娜 依古丽,我的学生,一个可爱的小女孩,此刻,她很纳闷的仰着头问我:“苏老师,你上课时讲的‘忧郁’,是不是就是你现的这个样子?”
我笑问她:“你觉得老师忧郁吗?”
她很认真的考虑,然后说:“恩。你总是一个人发呆。我们看见你的时候,总会以为你在哭。”
我摸着她的头,告诉她:“老师不忧郁。老师只是想忘记一个人,却总是忘着忘着,反而更思念他。”
是的,那个人,我明明想忘记,却偏偏一直在思念。我明明想从过往中逃出来。却总是不知不觉陷入得更深。
曾经,我是那样的没心没肺无忧无虑,笑得那么彪悍粗犷,活得那么张扬跋扈,可是现在,连小孩子都觉得我很忧郁。
我不禁有些失笑。
远处一个人在飞快的向这边跑着。
“苏老师,好像是村长!”娜依古丽指着那个人对我说。
我迎上去。
村长停在我面前气喘吁吁的说:“苏老师,总算找到你了!快跟我到村支部去!有人找你呢!”
有人找我?除了父母之外,应该没有人知道我在这里的。
“村长,是谁找我?”我纳闷的问村长。
“恩,据他自己说,是从你家乡来的。
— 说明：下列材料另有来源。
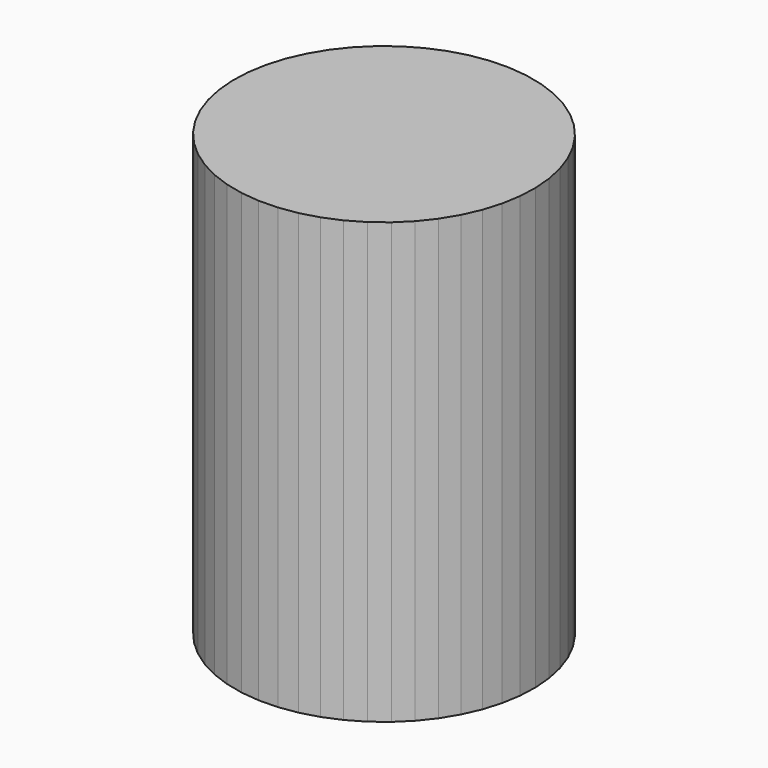
from build123d import *

# Parameters (mm, degrees)
F1_DEPTH = 25.4
F2_T     = -2.54


with BuildPart() as f1:
    # F0 (on Top) → F1 (new body)
    with BuildSketch(Plane.XY):
        Polygon((-7.453287064, -4.3146827775), (-6.853742525, -5.2148047835), (-6.1461103721, -6.0326862028), (-5.3415503872, -6.755428557), (-4.4527509618, -7.3716337674), (-3.4937289938, -7.8715839096), (-2.4796088325, -8.2473944714), (-1.4263837586, -8.4931386955), (-0.3506637608, -8.6049410489), (0.7305864139, -8.5810383416), (1.8003148046, -8.4218075336), (2.8416511552, -8.1297597898), (3.8381729697, -7.7095008777), (4.7741645036, -7.1676585313), (5.6348646113, -6.5127779281), (6.406699538, -5.7551869264), (7.0774969858, -4.906833189), (7.6366780783, -3.9810957609), (8.0754241955, -2.9925740745), (8.3868160491, -1.9568577072), (8.5659428036, -0.890280525), (8.6099795231, 0.190336913), (8.5182317221, 1.2679526241), (8.2921463183, 2.3255719649), (7.9352888136, 3.3465156466), (7.453287064, 4.3146827775), (6.853742525, 5.2148047835), (6.1461103721, 6.0326862028), (5.3415503872, 6.755428557), (4.4527509618, 7.3716337674), (3.4937289938, 7.8715839096), (2.4796088325, 8.2473944714), (1.4263837586, 8.4931386955), (0.3506637608, 8.6049410489), (-0.7305864139, 8.5810383416), (-1.8003148046, 8.4218075336), (-2.8416511552, 8.1297597898), (-3.8381729697, 7.7095008777), (-4.7741645036, 7.1676585313), (-5.6348646113, 6.5127779281), (-6.406699538, 5.7551869264), (-7.0774969858, 4.906833189), (-7.6366780783, 3.9810957609), (-8.0754241955, 2.9925740745), (-8.3868160491, 1.9568577072), (-8.5659428036, 0.890280525), (-8.6099795231, -0.190336913), (-8.5182317221, -1.2679526241), (-8.2921463183, -2.3255719649), (-7.9352888136, -3.3465156466), align=None)
    extrude(amount=F1_DEPTH)

    # F2
    f2_openings = [f1.faces().sort_by_distance(p)[0] for p in [
        (0, 0, 0),
    ]]
    offset(amount=F2_T, openings=f2_openings)


with BuildPart() as f1_1:
    # F3: moved
    add(f1.part.moved(Location((0, 0, -25.4))))


solid = f1_1.part

”
家乡来的,会是谁
走进会客室,我见到来人,是所有人中,我最不想见到的那一个,卓浩。
听到脚步声,他转头看向我,喊了一声:“苏雅!”
我对他极淡极淡的笑了笑:“好久不见。”
他看着我,眼底浮现出怜惜和心痛的神色:“你怎么瘦成这样!这里这里太苦了!苏雅,你跟我回去吧!”
我摇摇头,告诉他:“这的苦只不过是物质上的苦,我抗的住。我扛不住的,是精神上的苦。这种苦走到哪里去都不会消失,回去反而更浓更烈。”
卓浩看着我,欲言又止。我替他开口:“想问我过得好不好是吗?”
他点头。
我说:“你看呢?”
他皱起眉,头微微低了低。
我叫了他一声:“卓浩”,他抬头看我。我说:“以后,我们别再见面了。”他满脸愕然,我补充,“以后别来找我了。我已经没办法再跟你做朋友。”
卓浩看着我,脸上表情瞬息万变。从愕然,到惊疑,再到了悟,最后是叹息和落寞。
他看着我,问:“你都知道了?”
我点头:“恩。我都知道了。”
他不再说话,也轻轻的点点头。
我问他:“卓浩,能告诉我为什么这么做吗?”
卓浩抹了把脸,像是有些难以启齿似的,深吸口气,对我慢慢开口:“如果我说,我是真的爱你,你信吗?”
第六十六章 惊闻故人来
我笑了一下,点头:“我信。”他面容松了松,就要吁出一口气时,我却接着说:“可是这样的爱,最早源自于你的不服输,随后又掺杂了阴谋和伤害,所以即便这份爱再浓再深,我也会避之唯恐不及。我想我永远都接受不了它。卓浩,而你那样的做法,就算没有被人发现,难道就真的会一辈子都过得心安理得、没有任何后悔和自责吗?”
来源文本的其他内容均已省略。